Is the bird-on-a-wire explanation flawed?

Discussion in 'General Electronics Chat' started by wtfhuh, Oct 10, 2014.

  1. wtfhuh

    Thread Starter New Member

    Oct 9, 2014
    AAC book:

    Even the top Google search result I get says the same thing:

    But arguably the same explanation shows why current can't go through the wire. Bird on a wire, wire on a bird -- what's the difference? Or imagine a metal bird:

    1. Is it flawed (or at least misleading) to explain in terms of potential difference rather than resistance? Isn't resistance the better conceptual framework (which is what the answer uses)? With my grounding thread and now with this, I'm thinking that this idealized "absolutely zero potential difference" does more harm than good for conceptual understanding in SOME cases.


    I have some more questions. I was watching that YouTube video someone gave me in my grounding thread, the one with the lineman who was working on the 500kV line. He uses a wand to equalize his voltage before hopping on the line. So there's some danger here, presumably the same danger for birds sitting on 500kV lines. This is a bit of a wrinkle in my understanding.

    2. For a bird, what's the difference between sitting on a suburban wire and one of these 500kV monsters? If I have a simple circuit with a battery connected by two wires (wire A and wire B) to a fixed-value resistor, and if I pick two close points on wire A (point a1 and point a2), I know that the voltage, however small, across point a1 and point a2 will rise as the battery voltage rises (unless I've done something stupid here). Is that all that's happening on the 500kV power line -- the jump in voltage across the bird's feet (relative to the suburban power line) is driving a lethal amount of current (I haven't done the math)?

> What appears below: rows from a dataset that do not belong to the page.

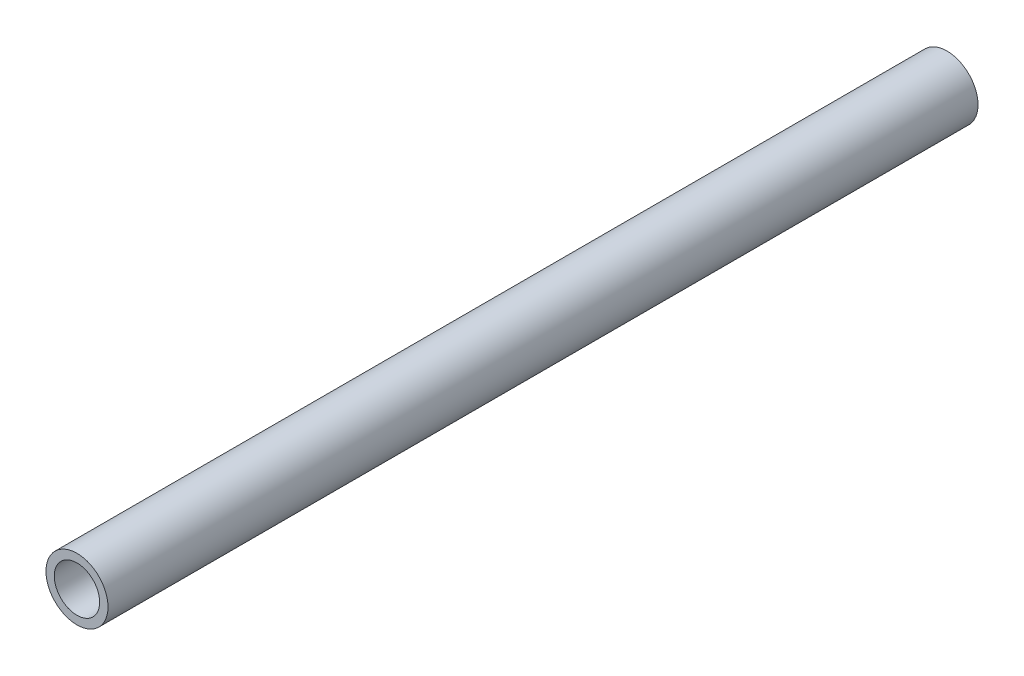
SolidWorks part; units mm, degrees
material "PVC Rígido"
ref_plane "Alzado" through (0, 0, 0) normal (0, 0, 1) x (1, 0, 0)
ref_plane "Planta" through (0, 0, 0) normal (0, 1, 0) x (1, 0, 0)
ref_plane "Vista lateral" through (0, 0, 0) normal (1, 0, 0) x (0, 0, -1)
sketch "Croquis1" plane through (0, 0, 0) normal (0, 0, 1) x (1, 0, 0)
  circle A0 centre (0, 0) radius 10.7
  circle A1 centre (0, 0) radius 7.825
  dimension "D1" = 21.4
  dimension "D2" = 15.65
extrude "Saliente-Extruir1" add sketch "Croquis1" along normal mid plane 300
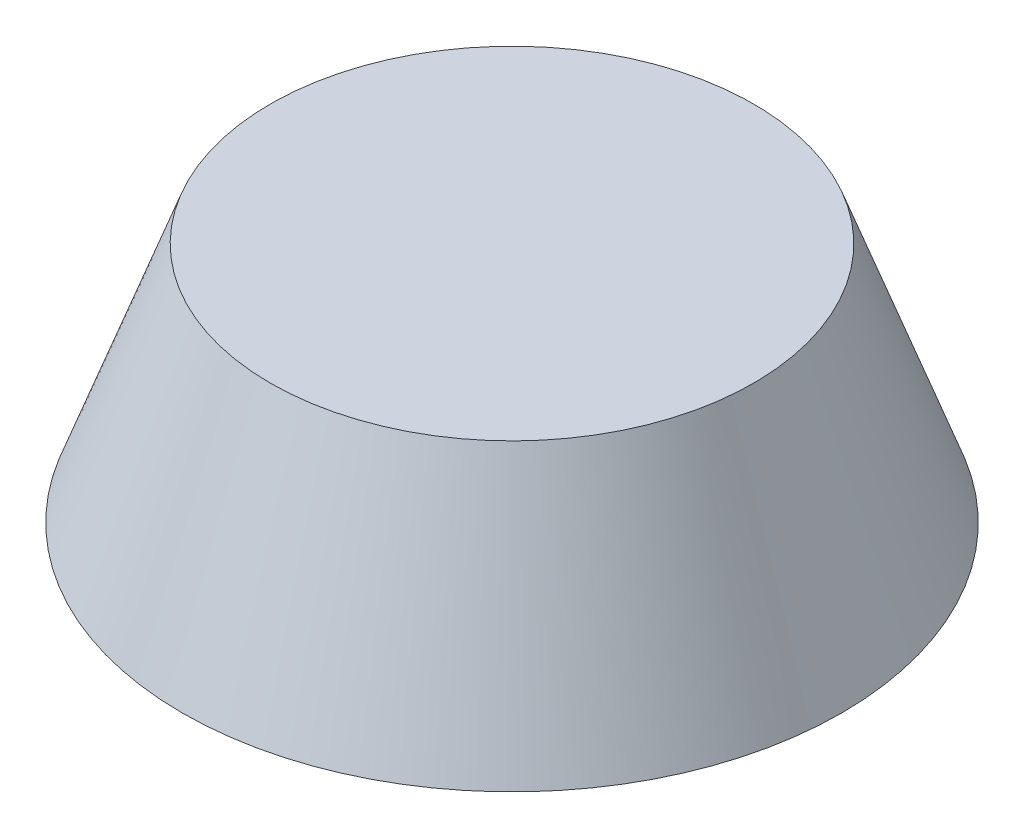
SolidWorks part; units mm, degrees
ref_plane "Front Plane" through (0, 0, 0) normal (0, 0, 1) x (1, 0, 0)
ref_plane "Top Plane" through (0, 0, 0) normal (0, 1, 0) x (1, 0, 0)
ref_plane "Right Plane" through (0, 0, 0) normal (1, 0, 0) x (0, 0, -1)
sketch "Sketch1" plane through (0, 0, 0) normal (0, 1, 0) x (1, 0, 0)
  circle A0 centre (0, 0) radius 3
  dimension "D1" = 6
extrude "Boss-Extrude1" add sketch "Sketch1" along normal blind 3
draft "Draft2" type of draft neutral plane draft angle 1 faces to draft 1 face at (0, 3, 3) neutral plane through (0, 3, 0) neutral plane normal (0, 1, 0) parameters "D1"=1
draft "Draft3" type of draft neutral plane draft angle 20 faces to draft 1 face at (0, 3, 3) neutral plane through (0, 3, 0) neutral plane normal (0, 1, 0) parameters "D1"=20

    3. Given that the lineman isn't grounded, what exactly is the danger he's averting with the wand? Should I instead be looking at this in terms of electrostatics? Other physical phenomena?

    Thanks for the help. I do try running Google searches before posting (as you can see above), but with all the information out there, I'm finding it hard to drill down on the answers I'm seeking.
    Last edited: Oct 10, 2014
  2. wayneh


    Sep 9, 2010
    Current doesn't flow - and no damage is done - if there is either 1) no path or 2) no potential difference. A bird on a wire needs to worry only about how well the air surrounding it might conduct (#1). His surface area is not great, and the conductivity of air is usually very small, so his risk is minimal. Unless the potential difference is VERY large (#2). Not sure what it takes to kill the bird. The conductivity of the wire ensures that the potential difference between the bird's feet is too small to drive a relevant current. I'm sure the path to ground via the air is a bigger concern.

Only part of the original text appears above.